TrinityGuard: A Unified Framework for Safeguarding Multi-Agent Systems

With the rapid development of LLM-based multi-agent systems (MAS), their significant safety and security concerns have emerged, which introduce novel risks going beyond single agents or LLMs. Despite attempts to address these issues, the existing literature lacks a cohesive safeguarding system specialized for MAS risks. In this work, we introduce TrinityGuard, a comprehensive safety evaluation and monitoring framework for LLM-based MAS, grounded in the OWASP standards. Specifically, TrinityGuard encompasses a three-tier fine-grained risk taxonomy that identifies 20 risk types, covering single-agent vulnerabilities, inter-agent communication threats, and system-level emergent hazards. Designed for scalability across various MAS structures and platforms, TrinityGuard is organized in a trinity manner, involving an MAS abstraction layer that can be adapted to any MAS structures, an evaluation layer containing risk-specific test modules, alongside runtime monitor agents coordinated by a unified LLM Judge Factory. During Evaluation, TrinityGuard executes curated attack probes to generate detailed vulnerability reports for each risk type, where monitor agents analyze structured execution traces and issue real-time alerts, enabling both pre-development evaluation and runtime monitoring. We further formalize these safety metrics and present detailed case studies across various representative MAS examples, showcasing the versatility and reliability of TrinityGuard. Overall, TrinityGuard acts as a comprehensive framework for evaluating and monitoring various risks in MAS, paving the way for further research into their safety and security.

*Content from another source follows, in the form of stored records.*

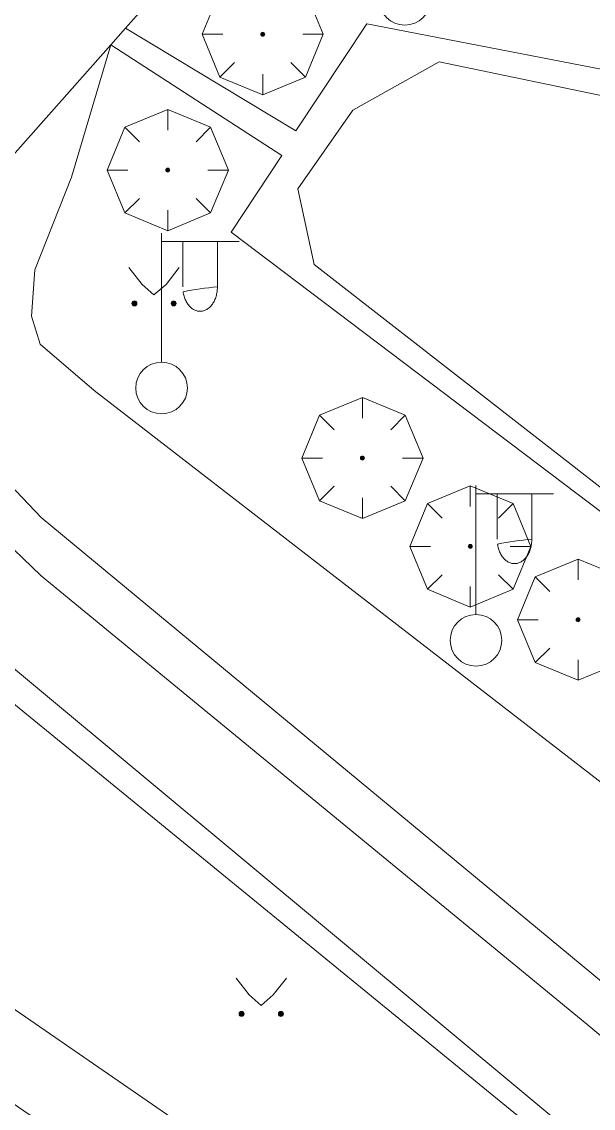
# Model space of a CAD drawing. Extents: x 1000 to 4000, y -5000 to -1000.
# Drawn here: x 1514.69 to 1536.83, y -4668.04 to -4625.92 of the extents above; entities that cross this region are included whole.
import ezdxf

# ---------------------------------------------------------------- set-up
doc = ezdxf.new("R2010")
doc.units = 0
doc.header["$MEASUREMENT"] = 0
for name, color, linetype in [('СЛОЙ_11', 7, 'CONTINUOUS'), ('СЛОЙ_24', 7, 'CONTINUOUS'), ('СЛОЙ_3', 7, 'CONTINUOUS'), ('СЛОЙ_31', 7, 'CONTINUOUS'), ('СЛОЙ_37', 7, 'CONTINUOUS'), ('СЛОЙ_41', 7, 'CONTINUOUS'), ('СЛОЙ_7', 7, 'CONTINUOUS')]:
    doc.layers.add(name, color=color, linetype=linetype)

msp = doc.modelspace()

# ---------------------------------------------------------------- linework, layer by layer
at = {"layer": 'СЛОЙ_11', "color": 253, "linetype": 'Continuous', "lineweight": 0}
msp.add_lwpolyline([(1601.91, -4721.414), (1601.555, -4721.146), (1568.112, -4696.076), (1538.503, -4672.076), (1499.866, -4640.491), (1496.121, -4640.937)], dxfattribs=at)
at = {"layer": 'СЛОЙ_24', "color": 253, "linetype": 'Continuous', "lineweight": 0}
for points in [[(1524.836, -4619.265), (1518.71, -4626.167)], [(1518.71, -4626.167), (1525.307, -4630.142), (1528.065, -4626.003), (1548.414, -4629.933), (1573.529, -4647.541)], [(1518.71, -4626.167), (1518.14, -4626.809)], [(1518.14, -4626.809), (1512.522, -4633.138), (1511.602, -4634.559), (1510.808, -4636.565), (1510.599, -4638.321)], [(1558.289, -4664.944), (1560.113, -4662.149), (1546.659, -4652.129), (1537.216, -4644.981), (1522.8, -4634.071), (1524.764, -4631.103), (1518.14, -4626.809)], [(1527.522, -4629.347), (1530.865, -4627.466), (1542.48, -4629.891)], [(1537.675, -4644.396), (1526.017, -4635.325), (1525.391, -4632.399), (1527.522, -4629.347)], [(1500.007, -4634.637), (1503.788, -4637.653), (1504.875, -4638.907), (1505.836, -4640.537), (1506.212, -4641.79), (1507.173, -4644.507), (1507.799, -4645.51), (1538.321, -4670.924), (1554.783, -4684.3), (1566.664, -4693.914), (1617.22, -4732.036), (1644.224, -4752.619)], [(1510.599, -4638.321), (1510.808, -4640.119), (1511.393, -4642.209), (1512.73, -4644.341), (1513.65, -4645.678), (1515.445, -4647.392), (1536.586, -4664.78), (1555.618, -4680.624), (1556.788, -4681.418), (1558.542, -4682.045), (1560.548, -4682.171), (1562.626, -4681.449), (1564.81, -4680.039)], [(1510.599, -4638.321), (1513.483, -4643.087), (1515.445, -4645.134), (1552.777, -4676.068), (1558.208, -4680.039), (1560.005, -4680.457), (1562.261, -4680.624), (1564.81, -4680.039)]]:
    msp.add_lwpolyline(points, dxfattribs=at)
at = {"layer": 'СЛОЙ_3', "color": 253, "linetype": 'Continuous', "lineweight": 0}
for p, q in [((1520.109, -4639.116), (1520.109, -4634.116)), ((1520.109, -4637.116), (1520.109, -4634.116)), ((1520.109, -4634.43), (1523.109, -4634.43)), ((1520.93, -4636.198), (1520.93, -4634.43)), ((1522.272, -4636.198), (1522.272, -4634.43)), ((1532.29, -4648.898), (1532.29, -4643.898)), ((1532.29, -4646.898), (1532.29, -4643.898)), ((1532.29, -4644.212), (1535.29, -4644.212)), ((1533.111, -4645.98), (1533.111, -4644.212)), ((1534.453, -4645.98), (1534.453, -4644.212))]:
    msp.add_line(p, q, dxfattribs=at)
for points in [[(1522.272, -4636.198, -0.035191), (1522.259, -4636.382, -0.036545), (1522.221, -4636.559, -0.03934), (1522.159, -4636.722, -0.0437), (1522.076, -4636.865, -0.049642), (1521.974, -4636.982, -0.056748), (1521.858, -4637.069, -0.0637), (1521.732, -4637.123, -0.068204), (1521.601, -4637.141, -0.068204), (1521.47, -4637.123, -0.0637), (1521.344, -4637.069, -0.056748), (1521.228, -4636.982, -0.049642), (1521.126, -4636.865, -0.0437), (1521.043, -4636.722, -0.03934), (1520.981, -4636.559, -0.036545), (1520.943, -4636.382, -0.035191)], [(1534.453, -4645.98, -0.035191), (1534.44, -4646.164, -0.036545), (1534.402, -4646.341, -0.03934), (1534.34, -4646.504, -0.0437), (1534.257, -4646.647, -0.049642), (1534.155, -4646.764, -0.056748), (1534.039, -4646.851, -0.0637), (1533.913, -4646.905, -0.068204), (1533.782, -4646.923, -0.068204), (1533.651, -4646.905, -0.0637), (1533.525, -4646.851, -0.056748), (1533.409, -4646.764, -0.049642), (1533.307, -4646.647, -0.0437), (1533.224, -4646.504, -0.03934), (1533.162, -4646.341, -0.036545), (1533.124, -4646.164, -0.035191)]]:
    msp.add_lwpolyline(points, format="xyb", close=True, dxfattribs=at)
for centre in [(1529.532, -4625.046), (1520.109, -4640.116), (1532.29, -4649.898)]:
    msp.add_circle(centre, 1, dxfattribs=at)
at = {"layer": 'СЛОЙ_31', "color": 253, "linetype": 'Continuous', "lineweight": 0}
msp.add_lwpolyline([(1502.142, -4655.783), (1505.355, -4657.972), (1525.992, -4672.197), (1539.82, -4681.745), (1552.422, -4690.426), (1564.32, -4698.594), (1583.822, -4711.971), (1583.745, -4712.267), (1583.643, -4712.559), (1583.516, -4712.844), (1583.366, -4713.118), (1583.192, -4713.38), (1582.998, -4713.626), (1582.785, -4713.854), (1582.556, -4714.061), (1582.313, -4714.247), (1568.028, -4704.409), (1554.874, -4695.44), (1542.441, -4686.994), (1532.61, -4680.347), (1500.85, -4658.609)], dxfattribs=at)
at = {"layer": 'СЛОЙ_37', "color": 253, "linetype": 'Continuous', "lineweight": 0}
msp.add_lwpolyline([(1518.14, -4626.809), (1516.617, -4631.938), (1515.196, -4635.533), (1515.071, -4637.331), (1515.405, -4638.417), (1517.494, -4640.215), (1545.113, -4661.576), (1555.057, -4668.18), (1556.687, -4669.894), (1559.194, -4670.27), (1560.824, -4670.646), (1561.576, -4670.396), (1562.328, -4668.891), (1564.125, -4661.826), (1568.01, -4654.135), (1572.446, -4649.067)], dxfattribs=at)
at = {"layer": 'СЛОЙ_41', "color": 253, "linetype": 'Continuous', "lineweight": 0}
for p, q in [((1518.843, -4635.447), (1519.353, -4636.097)), ((1520.793, -4635.447), (1520.283, -4636.097)), ((1519.353, -4636.097), (1519.813, -4636.507)), ((1520.283, -4636.097), (1519.813, -4636.507)), ((1522.997, -4662.993), (1523.507, -4663.643)), ((1524.947, -4662.993), (1524.437, -4663.643)), ((1523.507, -4663.643), (1523.967, -4664.053)), ((1524.437, -4663.643), (1523.967, -4664.053))]:
    msp.add_line(p, q, dxfattribs=at)
for centre in [(1519.057, -4636.835), (1520.578, -4636.835), (1523.211, -4664.381), (1524.732, -4664.381)]:
    msp.add_circle(centre, 0.0976, dxfattribs=at)
for points in [[(1518.961, -4636.854), (1518.959, -4636.835), (1518.961, -4636.816)], [(1518.966, -4636.872), (1518.961, -4636.816), (1518.966, -4636.798)], [(1518.961, -4636.854), (1518.961, -4636.816), (1518.966, -4636.872)], [(1518.975, -4636.889), (1518.966, -4636.798), (1518.975, -4636.781)], [(1518.966, -4636.872), (1518.966, -4636.798), (1518.975, -4636.889)], [(1518.988, -4636.904), (1518.975, -4636.781), (1518.988, -4636.766)], [(1518.975, -4636.889), (1518.975, -4636.781), (1518.988, -4636.904)], [(1519.002, -4636.916), (1518.988, -4636.766), (1519.002, -4636.754)], [(1518.988, -4636.904), (1518.988, -4636.766), (1519.002, -4636.916)], [(1519.019, -4636.925), (1519.002, -4636.754), (1519.019, -4636.745)], [(1519.002, -4636.916), (1519.002, -4636.754), (1519.019, -4636.925)], [(1519.038, -4636.931), (1519.019, -4636.745), (1519.038, -4636.739)], [(1519.019, -4636.925), (1519.019, -4636.745), (1519.038, -4636.931)], [(1519.057, -4636.933), (1519.038, -4636.739), (1519.057, -4636.737)], [(1519.038, -4636.931), (1519.038, -4636.739), (1519.057, -4636.933)], [(1520.482, -4636.854), (1520.48, -4636.835), (1520.482, -4636.816)], [(1520.487, -4636.872), (1520.482, -4636.816), (1520.487, -4636.798)], [(1520.482, -4636.854), (1520.482, -4636.816), (1520.487, -4636.872)], [(1520.496, -4636.889), (1520.487, -4636.798), (1520.496, -4636.781)], [(1520.487, -4636.872), (1520.487, -4636.798), (1520.496, -4636.889)], [(1520.509, -4636.904), (1520.496, -4636.781), (1520.509, -4636.766)], [(1520.496, -4636.889), (1520.496, -4636.781), (1520.509, -4636.904)], [(1520.523, -4636.916), (1520.509, -4636.766), (1520.523, -4636.754)], [(1520.509, -4636.904), (1520.509, -4636.766), (1520.523, -4636.916)], [(1520.54, -4636.925), (1520.523, -4636.754), (1520.54, -4636.745)], [(1520.523, -4636.916), (1520.523, -4636.754), (1520.54, -4636.925)], [(1520.559, -4636.931), (1520.54, -4636.745), (1520.559, -4636.739)], [(1520.54, -4636.925), (1520.54, -4636.745), (1520.559, -4636.931)], [(1520.578, -4636.933), (1520.559, -4636.739), (1520.578, -4636.737)], [(1520.559, -4636.931), (1520.559, -4636.739), (1520.578, -4636.933)], [(1523.12, -4664.418), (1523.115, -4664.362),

翻译：随着基于大语言模型的多智能体系统的快速发展，其显著的安全与安保问题日益凸显，这些风险超越了单智能体或大语言模型所面临的挑战。尽管已有研究尝试解决这些问题，但现有文献仍缺乏专门针对多智能体系统风险的统一保障体系。本文提出TrinityGuard——一个基于OWASP标准的、针对基于大语言模型的多智能体系统的综合性安全评估与监控框架。具体而言，TrinityGuard构建了一个包含20种风险类型的三层细粒度风险分类体系，涵盖单智能体漏洞、智能体间通信威胁以及系统级涌现性危害。该框架采用三位一体架构设计，具备跨多种多智能体系统结构与平台的可扩展性：包括可适配任意多智能体系统结构的抽象层、包含风险专项测试模块的评估层，以及由统一的大语言模型裁判工厂协调的运行时监控智能体。在评估阶段，TrinityGuard执行精心设计的攻击探针，为每类风险生成详细漏洞报告；监控智能体则通过分析结构化执行轨迹实时发布警报，实现开发前评估与运行时监控的双重保障。我们进一步形式化了这些安全度量指标，并在多个典型多智能体系统示例中展开详细案例研究，展示了TrinityGuard的通用性与可靠性。总体而言，TrinityGuard作为评估与监控多智能体系统各类风险的综合性框架，为相关安全与安保研究的深入探索铺平了道路。